Following the last two difficulty increases on the Bitcoin network, another difficulty increase is expected on March 24, 2023. Statistics show that Bitcoin hashrate has remained high despite the last two adjustments, and block times have been faster than the average ten minutes.
Bitcoin difficulty is expected to increase after the last two consecutive increases
As of this writing, Bitcoin’s difficulty is at an all-time high of 43.55 trillion, and the network’s hash rate remains above the 300 exahash per second (EH/s) range at 319 .86 HE/s. Bitcoin is up 26.2% in the last two weeks against the US dollar, which has helped bitcoin miners a lot, and BTCthe current spot value is above cost to mine it.
Bitcoin miners dealt with two in a row increases the difficulty over the past month, with the former jumping 9.95% higher on February 24, 2023, and the latter rising 1.16% on March 10. The increase does not seem to affect bitcoin miners, as block interval times (times between each block being mined) are still less than the ten minute average. Currently, block times range from nine minutes and 28 seconds and nine minutes and 31 seconds.
Currently, the estimated difficulty change for Friday, March 24 is expected to be between 2.51% and 5.7% higher than the current 43.55 billion. If the miners keep up or even pick up their pace, the difficulty after the next adjustment could exceed the 50 trillion hash mark. Current estimates suggest the target range will be between 44.64 trillion and 49.25 trillion.

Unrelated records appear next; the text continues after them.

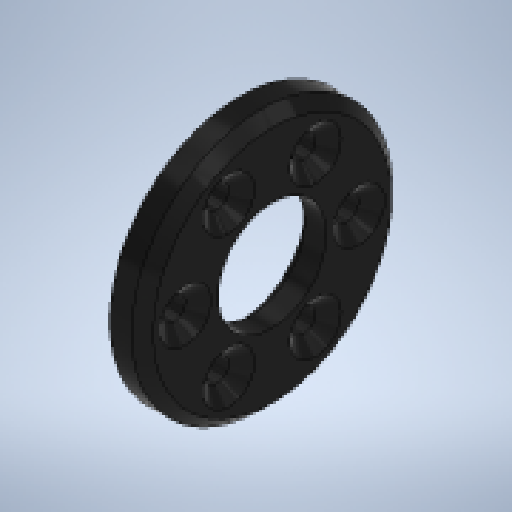
# Autodesk Inventor part: Weapon Cover
Saved by Autodesk Inventor 2023.2 (Build 272271000, 271)
## iProperties
Created: 2023-01-09
Part Number: Weapon Cover
Material: UHMW, Black
Document SubType Name: Modeling
Designer: Nathan Cai
Density: 0.94 g/cm^3
Appearance: Smooth - Black
Author: Nathan Cai
Autodesk Inventor part; units mm, degrees
ref_plane "YZ Plane" through (0, 0, 0) normal (1, 0, 0) x (0, 1, 0)
ref_plane "XZ Plane" through (0, 0, 0) normal (0, 1, 0) x (-1, 0, 0)
ref_plane "XY Plane" through (0, 0, 0) normal (0, 0, 1) x (1, 0, 0)
sketch "Sketch1" plane through (0, 0, 0) normal (0, 1, 0) x (-1, 0, 0)
  line L0 (0, 0) -> (3.175, 0)
  line L1 (3.175, 0) -> (3.175, -7.9375) construction
  line L2 (3.175, -7.9375) -> (0, -7.9375)
  line L3 (0, -7.9375) -> (0, 0)
  line L4 (3.175, 0) -> (4.7625, 0)
  line L5 (4.7625, 0) -> (4.7625, -9.525)
  line L6 (4.7625, -9.525) -> (3.175, -9.525)
  line L7 (3.175, -9.525) -> (3.175, 0)
  line L8 (0, 0) -> (4.7625, 0)
  line L9 (4.7625, 0) -> (4.7625, -19.05)
  line L10 (4.7625, -19.05) -> (0, -19.05)
  line L11 (0, -19.05) -> (0, 0)
  dimension "d0" = 3.175
  dimension "d1" = 7.9375
  dimension "d2" = 1.5875
  dimension "d3" = 9.525
  dimension "d4" = 19.05
  constraints: 24 end point, 6 parallel, 3 horizontal, 3 perpendicular, 1 midpoint
  measures "d0" distance of L1.end L2.end
  measures "d1" distance of L0.end L1.end
  measures "d2" distance of L5.end L6.end
  measures "d3" distance of L4.end L5.end
  measures "d4" distance between parallel lines of L0 L10
revolve "Revolution1" add sketch "Sketch1" angle 360 about axis through (0, 0, 0) along (-1, 0, 0) contours L2 L7 L6 L9 L10 L11
sketch "Sketch2" plane through (-4.7625, 0, 0) normal (-1, 0, 0) x (0, 0, 1)
  circle A0 centre (0, 0) radius 12.7 construction
  line L0 (0, 0) -> (-12.7, 0) construction
  circle A1 centre (-12.7, 0) radius 1.7526
  circle A2 centre (-6.35, -10.9985) radius 1.7526
  circle A3 centre (6.35, -10.9985) radius 1.7526
  circle A4 centre (12.7, 0) radius 1.7526
  circle A5 centre (6.35, 10.9985) radius 1.7526
  circle A6 centre (-6.35, 10.9985) radius 1.7526
  dimension "d6" = 25.4
  dimension "d7" = 3.5052
  dimension "d10" = 360
  constraints: 6 centre point, 2 coincident, 2 end point, 1 horizontal, 1 horizontal alignment, 15 other
  measures "d7" diameter of A1
extrude "Extrusion1" cut sketch "Sketch2" against normal blind 25.4
chamfer "Chamfer1" distance 2.032 angle 41 6 edges at (0, -10.9985, 4.5974) (0, 0, 10.9474) (0, 10.9985, 4.5974) (0, 10.9985, -8.1026) (0, 0, -14.4526) (0, -10.9985, -8.1026) measured on face at (0, 10.9985, -8.6026) measured on face at (0, 10.9985, 4.0974) measured on face at (0, -10.9985, -8.6026) measured on face at (0, -10.9985, 4.0974) measured on face at (0, 0, 10.4474) measured on face at (0, 0, -14.9526)
chamfer "Chamfer2" distance 1.5875 angle 45 1 edges at (0, 0, 19.05)
body "Solid1"

Mining distribution statistics show that Foundry USA is currently the top bitcoin mining pool, with 97.22 EH/s or 30.31% of the global hashrate. Foundry is followed by Antpool with 61.03 EH/s and F2pool with 46.13 EH/s. The top five bitcoin mining pools, including Foundry, Antpool, F2pool, Binance Pool, and Viabtc, control 84.52% of the global hashrate as of March 21, 2023, based on three-day metrics.
What do you think about the expected difficulty increase that will happen in two days? Share your thoughts in the comments section below.